Just to refresh your memory, the Khan-Kotelnik cards were 120-108, 118-111 (twice)

Hamed-Barrera was 111-116, 112-115 (twice)

Your definition of a schooling seems very inconsistent.

I'm not trying to be an arse, btw, just happens when I talk about certain subjects
Man, don't talk nonsense, khan just went in and out all night with Kotelnk, he was quicker and won convincingly but do you think he lost 120-108?? We all know about the scoring in some of these fights and how ****ed up it is. If you want to talk more about that scoring, start another thread and we can take it there.

Back on our little discussion on the Hamed-Barrera fight. I just re-watched it.

Firstly, a bit of context. 28 out of 30 boxing writers picked Hamed to win beforehand. Hamed was a 3 1/2 - 1 favourite by the bookies. Barrera was a BIG underdog going into this.

After the first 6 rounds, Hamed was losing by 4-2 easy (Hamed clearly won round 2 and possibly round 3 due to Barrera inactivity more than anything). After 12 rounds, Hamed had only won the 10th. The 12th round was only a draw because Barrera was deducted a point.

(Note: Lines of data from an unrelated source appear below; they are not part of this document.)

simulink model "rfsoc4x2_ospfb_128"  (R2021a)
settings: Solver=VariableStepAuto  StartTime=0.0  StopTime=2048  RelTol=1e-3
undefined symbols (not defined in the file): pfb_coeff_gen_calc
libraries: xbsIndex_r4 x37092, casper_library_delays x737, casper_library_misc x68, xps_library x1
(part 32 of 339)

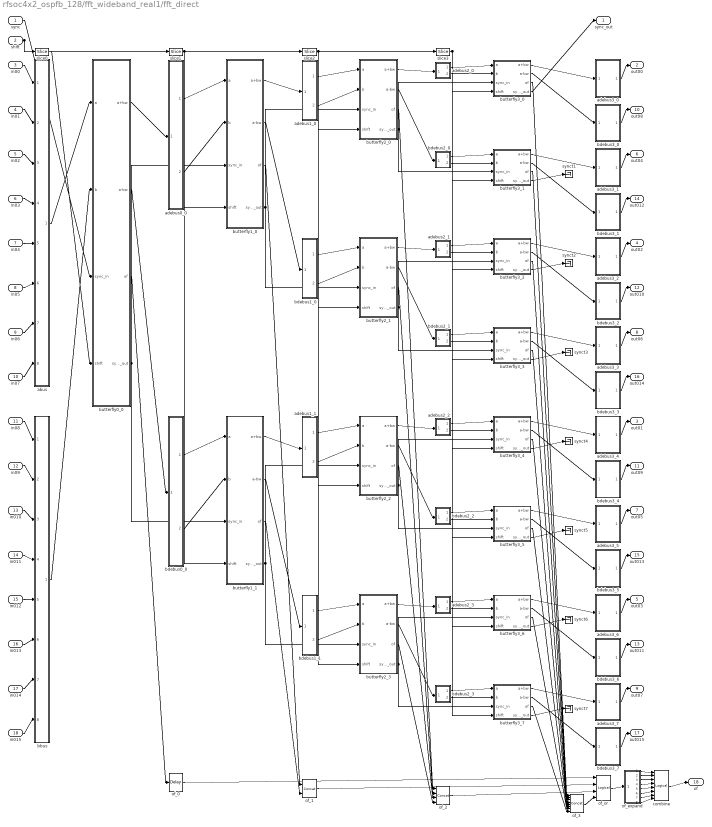
== system rfsoc4x2_ospfb_128/fft_wideband_real1/fft_direct ==
  sync : Inport
  shift : Inport  Port=2
  in00 : Inport  Port=3
  in01 : Inport  Port=4
  in02 : Inport  Port=5
  in03 : Inport  Port=6
  in04 : Inport  Port=7
  in05 : Inport  Port=8
  in06 : Inport  Port=9
  in07 : Inport  Port=10
  in08 : Inport  Port=11
  in09 : Inport  Port=12
  in010 : Inport  Port=13
  in011 : Inport  Port=14
  in012 : Inport  Port=15
  in013 : Inport  Port=16
  in014 : Inport  Port=17
  in015 : Inport  Port=18
  abus : Subsystem  AncestorBlock=casper_library_flow_control/bus_create  mask(bus_create){inputNum=8}
      mask prompts: inputNum "Number of inputs:"
      mask init:
      | bus_create_init(gcb,...
      |     'inputNum', inputNum);
  adebus0_0 : Subsystem  AncestorBlock=casper_library_flow_control/bus_expand  mask(bus_expand){mode=divisions of equal size, outputNum=2, outputWidth=[144 144], outputBinaryPt=[0 0], outputArithmeticType=[0 0], show_format=off, outputToWorkspace=off, variablePrefix=out, outputToModelAsWell=on}
      mask prompts: outputNum "Number of outputs:"; outputWidth "Output width:"; outputBinaryPt "Output binary point position:"; outputArithmeticType "Output arithmetic type (ufix=0, fix=1, bool=2):"; show_format "Print format string?"; outputToWorkspace "Output to workspace?"; variablePrefix "Variable name prefix:"; outputToModelAsWell "Output to model as well?"
      mask help:
      | Expands a 'bus' made using a bus_create or Xilinx
      | concat block.
      | The input will be divided into the specified number
      | of outputs with the specified arithmetic types.
      | Divisions are made from most significant bit.
      mask init: same as rfsoc4x2_ospfb_128/bus_expand1
      settings: AttributesFormatString=2 outputs
      mask TypeOptions mode: divisions of equal size | divisions of arbitrary size
      mask Callback mode: %bus_expand_callback();
      mask Callback outputWidth: %bus_expand_callback();
      mask Callback outputToWorkspace: %bus_expand_callback();
  adebus1_0 : Subsystem  AncestorBlock=casper_library_flow_control/bus_expand  mask(bus_expand){mode=divisions of equal size, outputNum=2, outputWidth=[72 72], outputBinaryPt=[0 0], outputArithmeticType=[0 0], show_format=off, outputToWorkspace=off, variablePrefix=out, outputToModelAsWell=on}
      mask prompts: outputNum "Number of outputs:"; outputWidth "Output width:"; outputBinaryPt "Output binary point position:"; outputArithmeticType "Output arithmetic type (ufix=0, fix=1, bool=2):"; show_format "Print format string?"; outputToWorkspace "Output to workspace?"; variablePrefix "Variable name prefix:"; outputToModelAsWell "Output to model as well?"
      mask help:
      | Expands a 'bus' made using a bus_create or Xilinx
      | concat block.
      | The input will be divided into the specified number
      | of outputs with the specified arithmetic types.
      | Divisions are made from most significant bit.
      mask init: same as rfsoc4x2_ospfb_128/bus_expand1
      settings: AttributesFormatString=2 outputs
      mask TypeOptions mode: divisions of equal size | divisions of arbitrary size
      mask Callback mode: %bus_expand_callback();
      mask Callback outputWidth: %bus_expand_callback();
      mask Callback outputToWorkspace: %bus_expand_callback();
  adebus1_1 : Subsystem  AncestorBlock=casper_library_flow_control/bus_expand  mask(bus_expand){mode=divisions of equal size, outputNum=2, outputWidth=[72 72], outputBinaryPt=[0 0], outputArithmeticType=[0 0], show_format=off, outputToWorkspace=off, variablePrefix=out, outputToModelAsWell=on}
      mask prompts: outputNum "Number of outputs:"; outputWidth "Output width:"; outputBinaryPt "Output binary point position:"; outputArithmeticType "Output arithmetic type (ufix=0, fix=1, bool=2):"; show_format "Print format string?"; outputToWorkspace "Output to workspace?"; variablePrefix "Variable name prefix:"; outputToModelAsWell "Output to model as well?"
      mask help:
      | Expands a 'bus' made using a bus_create or Xilinx
      | concat block.
      | The input will be divided into the specified number
      | of outputs with the specified arithmetic types.
      | Divisions are made from most significant bit.
      mask init: same as rfsoc4x2_ospfb_128/bus_expand1
      settings: AttributesFormatString=2 outputs
      mask TypeOptions mode: divisions of equal size | divisions of arbitrary size
      mask Callback mode: %bus_expand_callback();
      mask Callback outputWidth: %bus_expand_callback();
      mask Callback outputToWorkspace: %bus_expand_callback();
  adebus2_0 : Subsystem  AncestorBlock=casper_library_flow_control/bus_expand  mask(bus_expand){mode=divisions of equal size, outputNum=2, outputWidth=[36 36], outputBinaryPt=[0 0], outputArithmeticType=[0 0], show_format=off, outputToWorkspace=off, variablePrefix=out, outputToModelAsWell=on}
      mask prompts: outputNum "Number of outputs:"; outputWidth "Output width:"; outputBinaryPt "Output binary point position:"; outputArithmeticType "Output arithmetic type (ufix=0, fix=1, bool=2):"; show_format "Print format string?"; outputToWorkspace "Output to workspace?"; variablePrefix "Variable name prefix:"; outputToModelAsWell "Output to model as well?"
      mask help:
      | Expands a 'bus' made using a bus_create or Xilinx
      | concat block.
      | The input will be divided into the specified number
      | of outputs with the specified arithmetic types.
      | Divisions are made from most significant bit.
      mask init: same as rfsoc4x2_ospfb_128/bus_expand1
      settings: AttributesFormatString=2 outputs
      mask TypeOptions mode: divisions of equal size | divisions of arbitrary size
      mask Callback mode: %bus_expand_callback();
      mask Callback outputWidth: %bus_expand_callback();
      mask Callback outputToWorkspace: %bus_expand_callback();
  adebus2_1 : Subsystem  AncestorBlock=casper_library_flow_control/bus_expand  mask(bus_expand){mode=divisions of equal size, outputNum=2, outputWidth=[36 36], outputBinaryPt=[0 0], outputArithmeticType=[0 0], show_format=off, outputToWorkspace=off, variablePrefix=out, outputToModelAsWell=on}
      mask prompts: outputNum "Number of outputs:"; outputWidth "Output width:"; outputBinaryPt "Output binary point position:"; outputArithmeticType "Output arithmetic type (ufix=0, fix=1, bool=2):"; show_format "Print format string?"; outputToWorkspace "Output to workspace?"; variablePrefix "Variable name prefix:"; outputToModelAsWell "Output to model as well?"
      mask help:
      | Expands a 'bus' made using a bus_create or Xilinx
      | concat block.
      | The input will be divided into the specified number
      | of outputs with the specified arithmetic types.
      | Divisions are made from most significant bit.
      mask init: same as rfsoc4x2_ospfb_128/bus_expand1
      settings: AttributesFormatString=2 outputs
      mask TypeOptions mode: divisions of equal size | divisions of arbitrary size
      mask Callback mode: %bus_expand_callback();
      mask Callback outputWidth: %bus_expand_callback();
      mask Callback outputToWorkspace: %bus_expand_callback();
  adebus2_2 : Subsystem  AncestorBlock=casper_library_flow_control/bus_expand  mask(bus_expand){mode=divisions of equal size, outputNum=2, outputWidth=[36 36], outputBinaryPt=[0 0], outputArithmeticType=[0 0], show_format=off, outputToWorkspace=off, variablePrefix=out, outputToModelAsWell=on}
      mask prompts: outputNum "Number of outputs:"; outputWidth "Output width:"; outputBinaryPt "Output binary point position:"; outputArithmeticType "Output arithmetic type (ufix=0, fix=1, bool=2):"; show_format "Print format string?"; outputToWorkspace "Output to workspace?"; variablePrefix "Variable name prefix:"; outputToModelAsWell "Output to model as well?"
      mask help:
      | Expands a 'bus' made using a bus_create or Xilinx
      | concat block.
      | The input will be divided into the specified number
      | of outputs with the specified arithmetic types.
      | Divisions are made from most significant bit.
      mask init: same as rfsoc4x2_ospfb_128/bus_expand1
      settings: AttributesFormatString=2 outputs
      mask TypeOptions mode: divisions of equal size | divisions of arbitrary size
      mask Callback mode: %bus_expand_callback();
      mask Callback outputWidth: %bus_expand_callback();
      mask Callback outputToWorkspace: %bus_expand_callback();
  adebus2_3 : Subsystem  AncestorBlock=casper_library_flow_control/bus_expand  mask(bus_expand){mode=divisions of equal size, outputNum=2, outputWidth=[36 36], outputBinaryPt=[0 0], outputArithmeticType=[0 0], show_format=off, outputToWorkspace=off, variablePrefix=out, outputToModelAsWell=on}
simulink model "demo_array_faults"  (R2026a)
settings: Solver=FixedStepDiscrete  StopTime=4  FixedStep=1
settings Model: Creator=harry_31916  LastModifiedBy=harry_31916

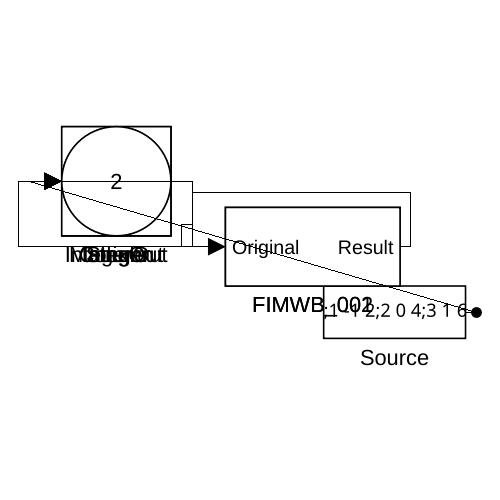
[thumbnail: Simulink's stored preview of the top-level diagram]
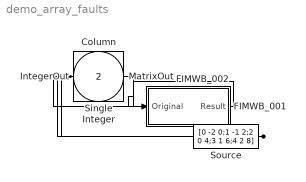
== system demo_array_faults ==
  Column : Reshape  OutputDimensionality=Column vector (2-D)
  FIMWB_001 : Subsystem  Tag=fimwb.fault.1
  FIMWB_002 : Subsystem  Tag=fimwb.fault.2
  Integer : DataTypeConversion  OutDataTypeStr=int64
  Single : DataTypeConversion  OutDataTypeStr=single
  Source : FromWorkspace  VariableName=[0 -2 0;1 -1 2;2 0 4;3 1 6;4 2 8]  SampleTime=1  Interpolate=off  OutputAfterFinalValue=Holding final value
  MatrixOut : Outport
  IntegerOut : Outport  Port=2
  wires:
  Source/1 -> Column/1, Integer/1
  Column/1 -> Single/1
  Single/1 -> FIMWB_001/1(Original)
  FIMWB_001/1(Result) -> MatrixOut/1
  Integer/1 -> FIMWB_002/1(Original)
  FIMWB_002/1(Result) -> IntegerOut/1

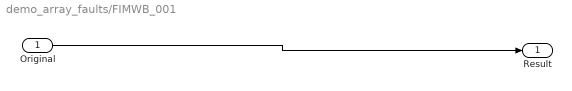
== system demo_array_faults/FIMWB_001 ==
  Original : Inport
  Result : Outport
  wires:
  Original/1 -> Result/1

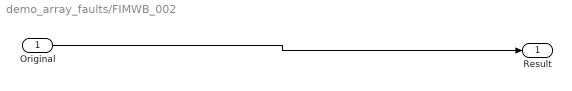
== system demo_array_faults/FIMWB_002 ==
  Original : Inport
  Result : Outport
  wires:
  Original/1 -> Result/1

Hence, Hamed won 3 rounds, Barrera won 8 rounds and 1 round was even*

*Barrera actually totally dominated the 12th, it was his best round, he threw landed 33 out of 66, Hamed landed 7 out of 20.

Now onto, the disputed term of 'schooling'. Did Hamed get schooled in this fight? I have to say that he did get schooled, emphatically so. He was totally outboxed.

Hamed, for most of the fight threw single shots, that is the style that Hamed improvised all through his career. It worked because of his speed and power. But, he was in with an elite fighter in Barrera. Hamed's single shot style was exposed by Barrera's superior boxing intellect, quick footwork and brilliant array of shots - not just his hallmark left hooks.

A theme for the entire fight was for Barrera to simply wait for Hamed to lunge forward with his single shots and then to quickly avoid them by taking a step back, invariably Hamed was off-balance when he missed, thus, Barrera easily picked him off with devastating combos. Although Barrera scored heavily all night with this effective counter punching, he also showcased his full arsenal of shots.

Barrera ensured that he added effective counter punching by taking the initiative himself with stinging accurate jabs, combos to the body and head. This was effective because they were quick and accurate shots and Barrera had such great footwork, he just took a quick step forward to land his shots and he danced out again or to the left. When he was against the ropes or in the corner he evaded Hamed by ducking his shots and connecting with great combos to the body and then quickly stepped away from the ropes. The only rounds that Barerra lost were because he did not do enough work, rather than Hamed really effectively imposing his style on Barrera.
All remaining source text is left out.